Back to the future
On the whole, there’s much reason for retailers to be cautiously optimistic heading into the crucial holiday season of 2022, but the early signs are not promising. Supply chain disruptions slowly but surely continue to ease, suppliers’ fill rates are becoming more reliable, and logistics costs are trending downward.
Yet a slew of uncertainty remains. Abrupt changes in COVID-19 policies in Asia could quickly impact global commerce, as may the wavering conflict in Eastern Europe. At home, corrective interest rate hikes by the Federal Reserve can prove “bitter medicine” in the short term, alarming stock traders and retail consumers alike. Could the 2022 holiday shopping season be an economic “last hurrah” before an approaching recession we’re being warned about?

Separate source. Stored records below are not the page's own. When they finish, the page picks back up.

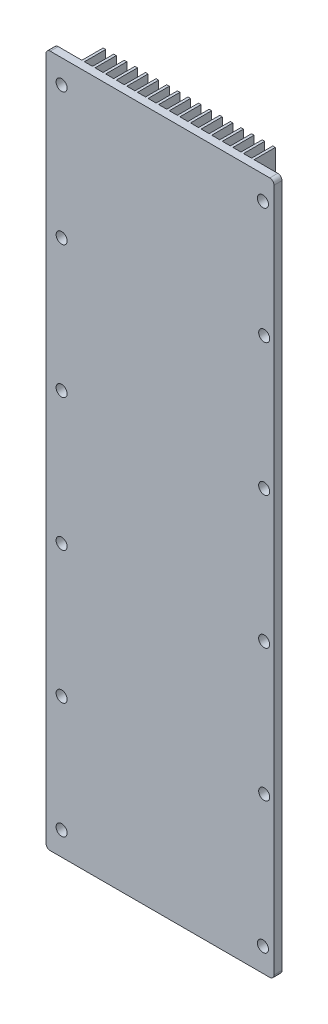
SolidWorks part; units mm, degrees
material "6063-T5"
ref_plane "X-Y Datum" through (0, 0, 0) normal (0, 0, 1) x (1, 0, 0)
ref_plane "X-Z Datum" through (0, 0, 0) normal (0, 1, 0) x (1, 0, 0)
ref_plane "Y-Z Datum" through (0, 0, 0) normal (1, 0, 0) x (0, 0, -1)
sketch "Sketch1" plane through (0, 0, 0) normal (0, 1, 0) x (1, 0, 0)
  line L0 (0, 9.525) -> (4.0132, 9.525) construction
  line L1 (0, 0) -> (136.525, 0)
  line L2 (0, 0) -> (0, 9.525)
  line L3 (0, 9.525) -> (4.0132, 9.525)
  line L4 (136.525, 0) -> (136.525, 9.525)
  line L5 (4.7752, 9.525) -> (4.7752, 34.925) construction
  line L6 (4.0132, 34.925) -> (4.0132, 9.525)
  line L7 (5.5372, 34.925) -> (5.5372, 9.525)
  line L8 (11.8872, 34.925) -> (11.8872, 9.525)
  line L9 (10.3632, 34.925) -> (10.3632, 9.525)
  line L10 (18.2372, 34.925) -> (18.2372, 9.525)
  line L11 (16.7132, 34.925) -> (16.7132, 9.525)
  line L12 (24.5872, 34.925) -> (24.5872, 9.525)
  line L13 (23.0632, 34.925) -> (23.0632, 9.525)
  line L14 (30.9372, 34.925) -> (30.9372, 9.525)
  line L15 (29.4132, 34.925) -> (29.4132, 9.525)
  line L16 (37.2872, 34.925) -> (37.2872, 9.525)
  line L17 (35.7632, 34.925) -> (35.7632, 9.525)
  line L18 (43.6372, 34.925) -> (43.6372, 9.525)
  line L19 (42.1132, 34.925) -> (42.1132, 9.525)
  line L20 (49.9872, 34.925) -> (49.9872, 9.525)
  line L21 (48.4632, 34.925) -> (48.4632, 9.525)
  line L22 (56.3372, 34.925) -> (56.3372, 9.525)
  line L23 (54.8132, 34.925) -> (54.8132, 9.525)
  line L24 (62.6872, 34.925) -> (62.6872, 9.525)
  line L25 (61.1632, 34.925) -> (61.1632, 9.525)
  line L26 (69.0372, 34.925) -> (69.0372, 9.525)
  line L27 (67.5132, 34.925) -> (67.5132, 9.525)
  line L28 (75.3872, 34.925) -> (75.3872, 9.525)
  line L29 (73.8632, 34.925) -> (73.8632, 9.525)
  line L30 (81.7372, 34.925) -> (81.7372, 9.525)
  line L31 (80.2132, 34.925) -> (80.2132, 9.525)
  line L32 (88.0872, 34.925) -> (88.0872, 9.525)
  line L33 (86.5632, 34.925) -> (86.5632, 9.525)
  line L34 (94.4372, 34.925) -> (94.4372, 9.525)
  line L35 (92.9132, 34.925) -> (92.9132, 9.525)
  line L36 (100.7872, 34.925) -> (100.7872, 9.525)
  line L37 (99.2632, 34.925) -> (99.2632, 9.525)
  line L38 (107.1372, 34.925) -> (107.1372, 9.525)
  line L39 (105.6132, 34.925) -> (105.6132, 9.525)
  line L40 (113.4872, 34.925) -> (113.4872, 9.525)
  line L41 (111.9632, 34.925) -> (111.9632, 9.525)
  line L42 (119.8372, 34.925) -> (119.8372, 9.525)
  line L43 (118.3132, 34.925) -> (118.3132, 9.525)
  line L44 (126.1872, 34.925) -> (126.1872, 9.525)
  line L45 (124.6632, 34.925) -> (124.6632, 9.525)
  line L46 (132.5372, 34.925) -> (132.5372, 9.525)
  line L47 (131.0132, 34.925) -> (131.0132, 9.525)
  line L48 (5.5372, 9.525) -> (10.3632, 9.525)
  line L49 (11.8872, 9.525) -> (16.7132, 9.525)
  line L50 (24.5872, 9.525) -> (29.4132, 9.525)
  line L51 (30.9372, 9.525) -> (35.7632, 9.525)
  line L52 (18.2372, 9.525) -> (23.0632, 9.525)
  line L53 (37.2872, 9.525) -> (42.1132, 9.525)
  line L54 (43.6372, 9.525) -> (48.4632, 9.525)
  line L55 (49.9872, 9.525) -> (54.8132, 9.525)
  line L56 (56.3372, 9.525) -> (61.1632, 9.525)
  line L57 (62.6872, 9.525) -> (67.5132, 9.525)
  line L58 (69.0372, 9.525) -> (73.8632, 9.525)
  line L59 (75.3872, 9.525) -> (80.2132, 9.525)
  line L60 (81.7372, 9.525) -> (86.5632, 9.525)
  line L61 (88.0872, 9.525) -> (92.9132, 9.525)
  line L62 (94.4372, 9.525) -> (99.2632, 9.525)
  line L63 (100.7872, 9.525) -> (105.6132, 9.525)
  line L64 (107.1372, 9.525) -> (111.9632, 9.525)
  line L65 (113.4872, 9.525) -> (118.3132, 9.525)
  line L66 (119.8372, 9.525) -> (124.6632, 9.525)
  line L67 (126.1872, 9.525) -> (131.0132, 9.525)
  line L68 (132.5372, 9.525) -> (136.525, 9.525)
  arc A0 (5.5372, 34.925) -> (4.0132, 34.925) centre (4.7752, 34.925) ccw
  arc A1 (11.8872, 34.925) -> (10.3632, 34.925) centre (11.1252, 34.925) ccw
  arc A2 (18.2372, 34.925) -> (16.7132, 34.925) centre (17.4752, 34.925) ccw
  arc A3 (24.5872, 34.925) -> (23.0632, 34.925) centre (23.8252, 34.925) ccw
  arc A4 (30.9372, 34.925) -> (29.4132, 34.925) centre (30.1752, 34.925) ccw
  arc A5 (37.2872, 34.925) -> (35.7632, 34.925) centre (36.5252, 34.925) ccw
  arc A6 (43.6372, 34.925) -> (42.1132, 34.925) centre (42.8752, 34.925) ccw
  arc A7 (49.9872, 34.925) -> (48.4632, 34.925) centre (49.2252, 34.925) ccw
  arc A8 (56.3372, 34.925) -> (54.8132, 34.925) centre (55.5752, 34.925) ccw
  arc A9 (62.6872, 34.925) -> (61.1632, 34.925) centre (61.9252, 34.925) ccw
  arc A10 (69.0372, 34.925) -> (67.5132, 34.925) centre (68.2752, 34.925) ccw
  arc A11 (75.3872, 34.925) -> (73.8632, 34.925) centre (74.6252, 34.925) ccw
  arc A12 (81.7372, 34.925) -> (80.2132, 34.925) centre (80.9752, 34.925) ccw
  arc A13 (88.0872, 34.925) -> (86.5632, 34.925) centre (87.3252, 34.925) ccw
  arc A14 (94.4372, 34.925) -> (92.9132, 34.925) centre (93.6752, 34.925) ccw
  arc A15 (100.7872, 34.925) -> (99.2632, 34.925) centre (100.0252, 34.925) ccw
  arc A16 (107.1372, 34.925) -> (105.6132, 34.925) centre (106.3752, 34.925) ccw
  arc A17 (113.4872, 34.925) -> (111.9632, 34.925) centre (112.7252, 34.925) ccw
  arc A18 (119.8372, 34.925) -> (118.3132, 34.925) centre (119.0752, 34.925) ccw
  arc A19 (126.1872, 34.925) -> (124.6632, 34.925) centre (125.4252, 34.925) ccw
  arc A20 (132.5372, 34.925) -> (131.0132, 34.925) centre (131.7752, 34.925) ccw
  dimension "D1" = 21
extrude "Boss-Extrude1" add sketch "Sketch1" along normal blind 431.8
sketch "Sketch2" plane through (0, 431.8, 0) normal (0, 1, 0) x (1, 0, 0)
  line L0 (136.525, 0) -> (136.525, 9.525) construction
  line L1 (0, 0) -> (136.525, 0)
  line L2 (0, 0) -> (0, 4.7625)
  line L3 (0, 4.7625) -> (136.525, 4.7625)
  line L4 (136.525, 0) -> (136.525, 4.7625)
extrude "Cut-Extrude1" cut sketch "Sketch2" against normal through all
sketch "Sketch3" plane through (0, 0, 0) normal (0, -1, 0) x (1, 0, 0)
  line L1 (3.1502, -35.687) -> (135.4162, -35.687)
  line L2 (3.1502, -35.687) -> (3.1502, -22.225)
  line L3 (3.1502, -22.225) -> (135.4162, -22.225)
  line L4 (135.4162, -35.687) -> (135.4162, -22.225)
extrude "Cut-Extrude2" cut sketch "Sketch3" against normal through all
sketch "Sketch4" plane through (0, 431.8, 0) normal (0, 1, 0) x (1, 0, 0)
  line L0 (4.0132, 9.525) -> (0, 9.525) construction
  line L1 (2.0066, 9.525) -> (13.6072, 9.525)
  line L2 (2.0066, 9.525) -> (2.0066, 23.6287)
  line L3 (2.0066, 23.6287) -> (13.6072, 23.6287)
  line L4 (13.6072, 9.525) -> (13.6072, 23.6287)
  line L5 (136.525, 9.525) -> (132.5372, 9.525) construction
  line L6 (134.5311, 9.525) -> (122.2502, 9.525)
  line L7 (134.5311, 9.525) -> (134.5311, 24.4435)
  line L8 (134.5311, 24.4435) -> (122.2502, 24.4435)
  line L9 (122.2502, 9.525) -> (122.2502, 24.4435)
  line L10 (124.6632, 9.525) -> (119.8372, 9.525) construction
extrude "Cut-Extrude3" cut sketch "Sketch4" against normal through all
sketch "Sketch5" plane through (0, 0, -9.525) normal (0, 0, -1) x (-1, 0, 0)
  line L1 (-136.525, 431.8) -> (0, 431.8)
  line L2 (-136.525, 431.8) -> (-136.525, 17.156) construction
  line L3 (-136.525, 17.156) -> (0, 17.156)
  line L4 (0, 431.8) -> (0, 17.156)
  line L5 (-136.525, 17.156) -> (0, 17.156)
  line L6 (-136.525, 17.156) -> (-136.525, 0)
  line L7 (-136.525, 0) -> (0, 0)
  line L8 (0, 17.156) -> (0, 0)
  line M5 (-119.8372, 0) -> (-119.8372, 431.8)
  line M7 (-136.525, 431.8) -> (-136.525, 0)
  line M8 (-136.525, 0) -> (-119.8372, 0)
extrude "Cut-Extrude4" cut sketch "Sketch5" against normal through all both and the other way through all contours L3 M7 M8 M5 | L8 L3 L7 M5
sketch "Sketch10" plane through (0, 0, -4.7625) normal (0, 0, 1) x (1, 0, 0)
  line L0 (26.855, 99.822) -> (26.855, 101.484) construction
  line L1 (9.3248, 100.653) -> (9.3248, 179.901) construction
  line L2 (9.3248, 179.901) -> (9.3248, 259.149) construction
  line L3 (9.3248, 259.149) -> (9.3248, 338.397) construction
  line L4 (64.8978, 17.156) -> (64.8978, 431.8) construction
  line L5 (26.855, 100.653) -> (9.3248, 100.653) construction
  line L6 (64.8978, 224.478) -> (-24.6242, 224.478) construction
  line L7 (113.1007, 349.134) -> (113.1007, 347.472) construction
  line L8 (26.855, 179.07) -> (26.855, 180.732) construction
  line L9 (26.855, 179.901) -> (9.3248, 179.901) construction
  line L10 (26.855, 258.318) -> (26.855, 259.98) construction
  line L11 (26.855, 259.149) -> (9.3248, 259.149) construction
  line L12 (26.855, 337.566) -> (26.855, 339.228) construction
  line L13 (26.855, 338.397) -> (9.3248, 338.397) construction
  line L14 (113.1007, 109.728) -> (113.1007, 111.39) construction
  line L15 (113.1007, 110.559) -> (130.6309, 110.559) construction
  line L16 (113.1007, 188.976) -> (113.1007, 190.638) construction
  line L17 (113.1007, 189.807) -> (130.6309, 189.807) construction
  line L18 (113.1007, 268.224) -> (113.1007, 269.886) construction
  line L19 (113.1007, 269.055) -> (130.6309, 269.055) construction
  line L20 (113.1007, 348.303) -> (130.6309, 348.303) construction
  line L21 (64.8978, 224.478) -> (139.9557, 224.478) construction
  line L22 (9.3248, 31.311) -> (129.903, 31.311) construction
  line L23 (9.3248, 31.311) -> (9.3248, 17.156) construction
  line L24 (9.3248, 17.156) -> (0, 17.156) construction
  point P3 (9.3248, 100.653)
  point P12 (9.3248, 31.311)
  point P13 (130.6309, 348.303)
  point P24 (130.6309, 189.807)
  point P26 (130.6309, 269.055)
  point P28 (130.6309, 110.559)
  point P57 (129.903, 417.645)
  point P58 (129.903, 31.311)
  point P59 (9.3248, 417.645)
  dimension "D1" = 17.5302
fillet "Fillet1" radius 2.54 4 edges at (136.525, 17.156, -7.1437) (136.525, 431.8, -7.1437) (0, 431.8, -7.1437) (0, 17.156, -7.1437)
hole_wizard "M6 Clearance Hole2" positions "Sketch13" profile "Sketch14" hole size "M6" standard "ANSI Metric" end condition through all
sketch "Sketch13" plane through (0, 0, -4.7625) normal (0, 0, 1) x (1, 0, 0)
  point P10 (9.3248, 31.311)
  point P13 (129.903, 31.311)
  point P16 (130.6309, 110.559)
  point P19 (9.3248, 100.653)
  point P22 (9.3248, 179.901)
  point P25 (130.6309, 189.807)
  point P28 (9.3248, 259.149)
  point P31 (130.6309, 269.055)
  point P34 (130.6309, 348.303)
  point P37 (9.3248, 338.397)
  point P40 (9.3248, 417.645)
  point P43 (129.903, 417.645)
sketch "Sketch14" plane through (9.3248, 31.311, -4.7625) normal (1, 0, 0) x (0, -1, 0)
  line L0 (0, 0) -> (0, 17.4625)
  line L1 (0, 17.4625) -> (3.3, 17.4625)
  line L2 (3.3, 17.4625) -> (3.3, 0)
  line L5 (3.3, 0) -> (0, 0)
  line L11 (0, -6.35) -> (0, 107.95) construction
  dimension "Thru Hole Dia." = 6.6
  dimension "Thru Hole Depth" = 17.4625

Meanwhile, labor shortages continue to hinder every point along the retail value chain, from interstate trucking routes to the regional distribution centers to the local sales floor. We see a slowdown in blue-collar and tech jobs due to market corrections, but the services economy remains vibrant – we have more jobs than there are people wanting to work which continues to pressure retailers.
With so many external variables out there, retailers can still focus on proactive measures they can control—namely, looking ahead toward adopting advanced, data-driven forecasting tools to keep a step ahead of shifting consumer demand, accurately allocating goods across every sales channel, and automated lifecycle pricing to preserve the highest margin from every SKU.
In today’s capricious economic climate, these leading-edge technical solutions are steps retailers can take today toward becoming “disruption-proof” and maintaining their advantage in an ever-competitive marketplace.